Task input below:

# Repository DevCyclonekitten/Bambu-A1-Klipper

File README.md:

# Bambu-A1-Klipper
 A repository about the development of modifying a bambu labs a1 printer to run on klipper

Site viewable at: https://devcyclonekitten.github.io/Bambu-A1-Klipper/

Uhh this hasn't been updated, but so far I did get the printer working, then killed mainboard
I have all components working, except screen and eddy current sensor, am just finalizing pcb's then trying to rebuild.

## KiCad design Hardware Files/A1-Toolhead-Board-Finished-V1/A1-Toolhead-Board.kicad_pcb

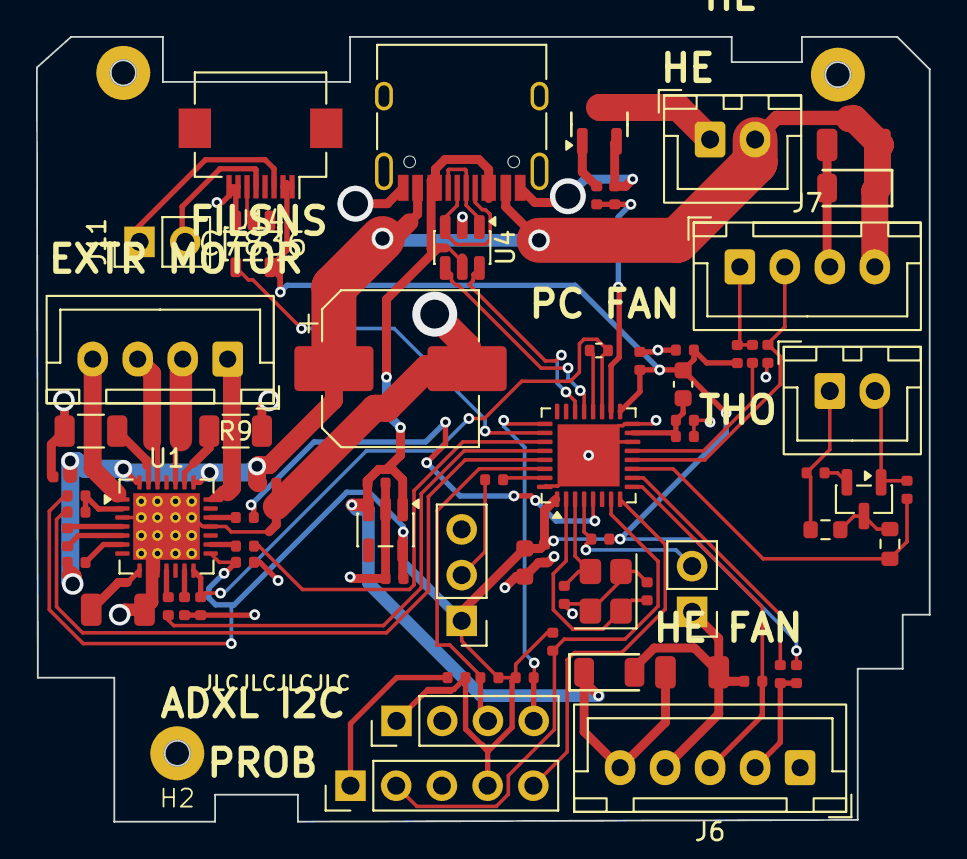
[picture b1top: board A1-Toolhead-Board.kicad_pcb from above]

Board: 2 copper layers, 49.6 x 43.6 mm, 74 parts (0 on the bottom side), 56 nets.

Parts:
C1, C3, C4, C5, C8, C13, C16: 100nF; C_0402
C2: 100uF 50V; CP_Elec_8x10.5
C6: 22nF; C_0402
C7, C11, C12: 4.7uF; C_1206
C9, C17, C18, C21, C24: 1uF; C_0402
C19: 10uF; C_0603
C20: 10nF; C_0402
C22, C23: 30pF; C_0402
D1, D4: DSK26; D_SOD-123FL
D3: BAV99; SOT-23
FB1: 120r 100MHz; C_0603_1608Metric
H1, H2, H3: m1.5; MountingHole_M1.5
J1: Motor_E; JST_XH_B4B-XH-A_1x04_P2.50mm_Vertical
J2: BOOT; PinHeader_1x03_P2.54mm_Vertical
J6: EXF; JST_XH_B5B-XH-A_1x05_P2.50mm_Vertical
J7: PCF; JST_XH_B4B-XH-A_1x04_P2.50mm_Vertical
J9: ADXL345; PinHeader_1x04_P2.54mm_Vertical
J10: BL_PROBE; PinHeader_1x05_P2.54mm_Vertical
J11: EXTR_FIL; PinHeader_1x02_P2.54mm_Vertical
J12: THO; JST_XH_B2B-XH-A_1x02_P2.50mm_Vertical
J13: HE; JST_XH_B2B-XH-A_1x02_P2.50mm_Vertical
J14: FPC_FILAMENT_SENSOR; Hirose_FH12-8S-0.5SH_1x08-1MP_P0.50mm_Horizontal
P1: USB_C_Plug; USB_C_Receptacle_HRO_TYPE-C-31-M-12
PN1: Part_Num_JLCPCB
Q2: AO3400A; Q_SOT-23
R1: 1ko; R_0402_1005Metric
R2, R5, R8: 20kΩ; R_0402
R3, R4, R6, R21: 100Ω; R_0402
R7, R11, R19, R20, R24, R25, R28, R30: 10kΩ; R_0402
R9, R100: 100mO; R_1206_3216Metric
R16, R23, R26, R29, R31: 4.7kΩ; R_0402
R17, R18: 2.2kΩ; R_0603_1608Metric
R27: 10Ω; R_0402
SW1: SW_SPST; PinHeader_1x02_P2.54mm_Vertical
U1: TMC2209-LA; TMC2209-LargerVias
U2: STM32G431KBU3; QFN-32-1EP_5x5mm_P0.5mm_EP3.45x3.45mm
U4: USBLC6-2SC6; SOT-23-6
U5: TLV75733PDBV; SOT-23-5
U6: 74LVC1G17; SOT-23-5_L3.0-W1.7-P0.95-LS2.8-BR
Y1: Crystal_GND24; Crystal_SMD_3225-4Pin_3.2x2.5mm

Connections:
+3.3VADC: D3.2 (A), R16.1
+3V3: C8.1, C9.2, C13.1, C16.1, C17.1, C19.1, C21.1, FB1.2, J2.1, J9.1, J10.4, J14.1, J14.2, R5.2, R11.1, R19.2, R24.2, R26.2, R28.1, R29.2, U1.15 (VCC_IO), U2.1 (VDD), U2.17 (VDD), U5.5 (OUT), U6.5 (VCC)
+3V3A: C18.1, C20.1, FB1.1, U2.15 (VDDA)
+5V: C7.1, U1.8 (5VOUT)
+24V: C2.1, C3.1, C4.1, C5.2, C12.1, D1.1, J7.4, J13.2, P1.A4 (VBUS), P1.A9 (VBUS), P1.B4 (VBUS), P1.B9 (VBUS), U1.22 (VS), U1.28 (VS)
/communications/USB_D+: U2.22 (PA12), U4.6 (I/O1)
/communications/USB_D-: U2.21 (PA11), U4.4 (I/O2)
/communications/USB_PORT_D+: P1.A6 (D+), P1.B6 (D+), U4.1 (I/O1)
/communications/USB_PORT_D-: P1.A7 (D-), P1.B7 (D-), U4.3 (I/O2)
/fans/EXTR_FAN_PWM: J6.3, R23.1, U2.9 (PA4)
/fans/EXTR_FAN_TACH: R20.1, U2.10 (PA5)
/fans/PART_FAN_PWM: J7.2, R31.1, U2.12 (PA7)
/fans/PART_FAN_TACH: R25.1, U2.13 (PB0)
/heaters/HOTEND_PWM: R27.2, R30.2, U2.18 (PA8)
/heaters/THERMISTER: C1.1, R17.1, U2.11 (PA6)
/mcu/ADXL_SCK: J9.4, R26.1, U2.25 (PA15)
/mcu/ADXL_SDA: J9.3, R29.1, U2.30 (PB7)
/mcu/BIQU_BL_PROBE: J10.2, R28.2, U2.7 (PA2)
/mcu/BIQU_BL_SERVO: J10.5, U2.8 (PA3)
/mcu/EXTRUDER_DIAG: R21.1, U2.28 (PB5)
/mcu/EXTRUDER_DIR: R6.1, U2.5 (PA0)
/mcu/EXTRUDER_ENABLE: R3.1, U2.29 (PB6)
/mcu/EXTRUDER_RX: R1.1, U2.20 (PA10)
/mcu/EXTRUDER_STEP: R4.2, U2.27 (PB4)
/mcu/EXTRUDER_TX: R1.2, R2.2, U1.14 (~PD_UART), U2.19 (PA9)
/mcu/FILAMENT_SENSOR: U2.26 (PB3), U6.4
/reversed_filament_sensor/SNS1: J11.1, J14.3
/reversed_filament_sensor/SNS2: J11.2, J14.5
/reversed_filament_sensor/SNS3: J14.6, U6.2
GND: C1.2, C2.2, C3.2, C4.2, C7.2, C8.2, C9.1, C11.2, C12.2, C13.2, C16.2, C17.2, C18.2, C19.2, C20.2, C21.2, C22.2, C23.2, C24.1, D1.2, D3.1 (K), D4.2, J2.3, J6.4, J7.3, J9.2, J10.1, J10.3, J12.2, J14.7, J14.8, P1.A1 (GND), P1.A12 (GND), P1.B1 (GND), P1.B12 (GND), Q2.2 (S), R2.1, R8.1, R9.2, R23.2, R30.1, R31.2, R100.2, SW1.1 (A), U1.3 (GND), U1.9 (MS1_AD0), U1.10 (MS2_AD1), U1.18 (GND), U1.29 (EXP), U2.14 (VSSA), U2.16 (VSS), U2.32 (VSS), U2.33 (VSS), U4.2 (GND), U5.2 (GND), U6.3 (GND), Y1.2, Y1.4
unnamed: D3.3 (K), R17.2, R18.1
unnamed: J1.1, U1.21 (OA2)
unnamed: J1.2, U1.24 (OA1)
unnamed: J1.3, U1.26 (OB1)
unnamed: J1.4, U1.1 (OB2)
unnamed: J2.2, R7.1
unnamed: J6.2, R19.1, R20.2
unnamed: J7.1, R24.1, R25.2
unnamed: J12.1, R16.2, R18.2
unnamed: J13.1, Q2.3 (D)
unnamed: Q2.1 (G), R27.1
unnamed: R11.2, SW1.2 (B), U2.4 (PG10)
unnamed: R9.1, U1.23 (BRA)
unnamed: R100.1, U1.27 (BRB)
unnamed: R8.2, U1.13 (CLK)
unnamed: C6.1, U1.5 (CPI)
unnamed: C6.2, U1.4 (CPO)
unnamed: R21.2, U1.11 (DIAG)
unnamed: R6.2, U1.19 (DIR)
unnamed: R4.1, U1.16 (STEP)
unnamed: C5.1, U1.6 (VCP)
unnamed: R3.2, R5.1, U1.2 (~EN)
unnamed: R7.2, U2.31 (PB8)
unnamed: C23.1, U2.2 (PF0), Y1.1
unnamed: C22.1, U2.3 (PF1), Y1.3
VBUS: C11.1, C24.2, D4.1, J6.5, P1.A5 (CC1), P1.A8 (SBU1), P1.B5 (CC2), P1.B8 (SBU2), U4.5 (VBUS), U5.1 (IN), U5.3 (EN)

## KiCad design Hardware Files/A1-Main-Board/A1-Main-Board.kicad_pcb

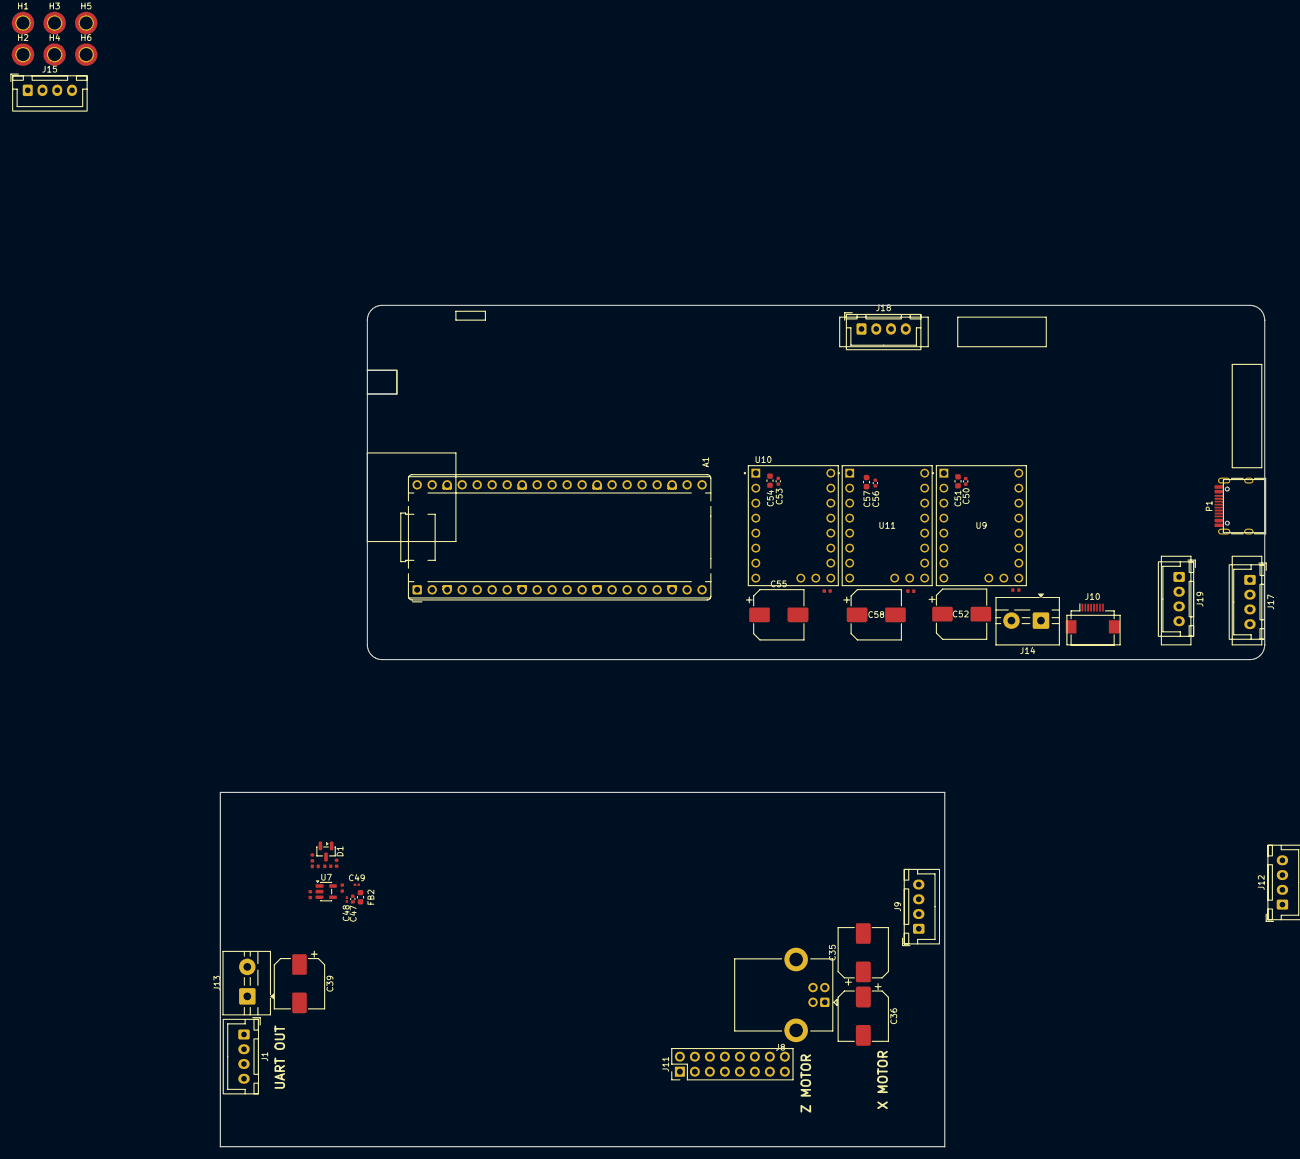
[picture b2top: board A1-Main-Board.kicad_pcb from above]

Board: 2 copper layers, 176.9 x 142.5 mm, 50 parts (0 on the bottom side), 38 nets, no tracks yet.

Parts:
A1: RaspberryPi_Pico; RaspberryPi_Pico_Common_THT
C35, C36, C39, C52, C55, C58: 100uF; CP_Elec_8x10
C42, C43: 1uF; C_0402
C47: 10nF; C_0402_1005Metric
C48, C49: 1uF; C_0201_0603Metric
C50, C53, C56: 100nF; C_0402_1005Metric
C51, C54, C57: 10uF; C_0603_1608Metric
C59: 100nF; C_0402
D1: BAV99; SOT-23
FB2: 120r 100MHz; C_0603_1608Metric
H1, H2, H3, H4, H5, H6: M1.5; MountingHole_2.2mm_M2_ISO14580_Pad_TopBottom
J1: MB_UART; JST_XH_B4B-XH-A_1x04_P2.50mm_Vertical
J8: USB_Toolhead_Outgoing; USB_B_Lumberg_2411_02_Horizontal
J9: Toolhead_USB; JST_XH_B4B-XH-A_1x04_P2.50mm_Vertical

End of Task input.

== Work order ==
If a line in the data contains the string "working", copy it.

== Answer box ==
Uhh this hasn't been updated, but so far I did get the printer working, then killed mainboard
I have all components working, except screen and eddy current sensor, am just finalizing pcb's then trying to rebuild.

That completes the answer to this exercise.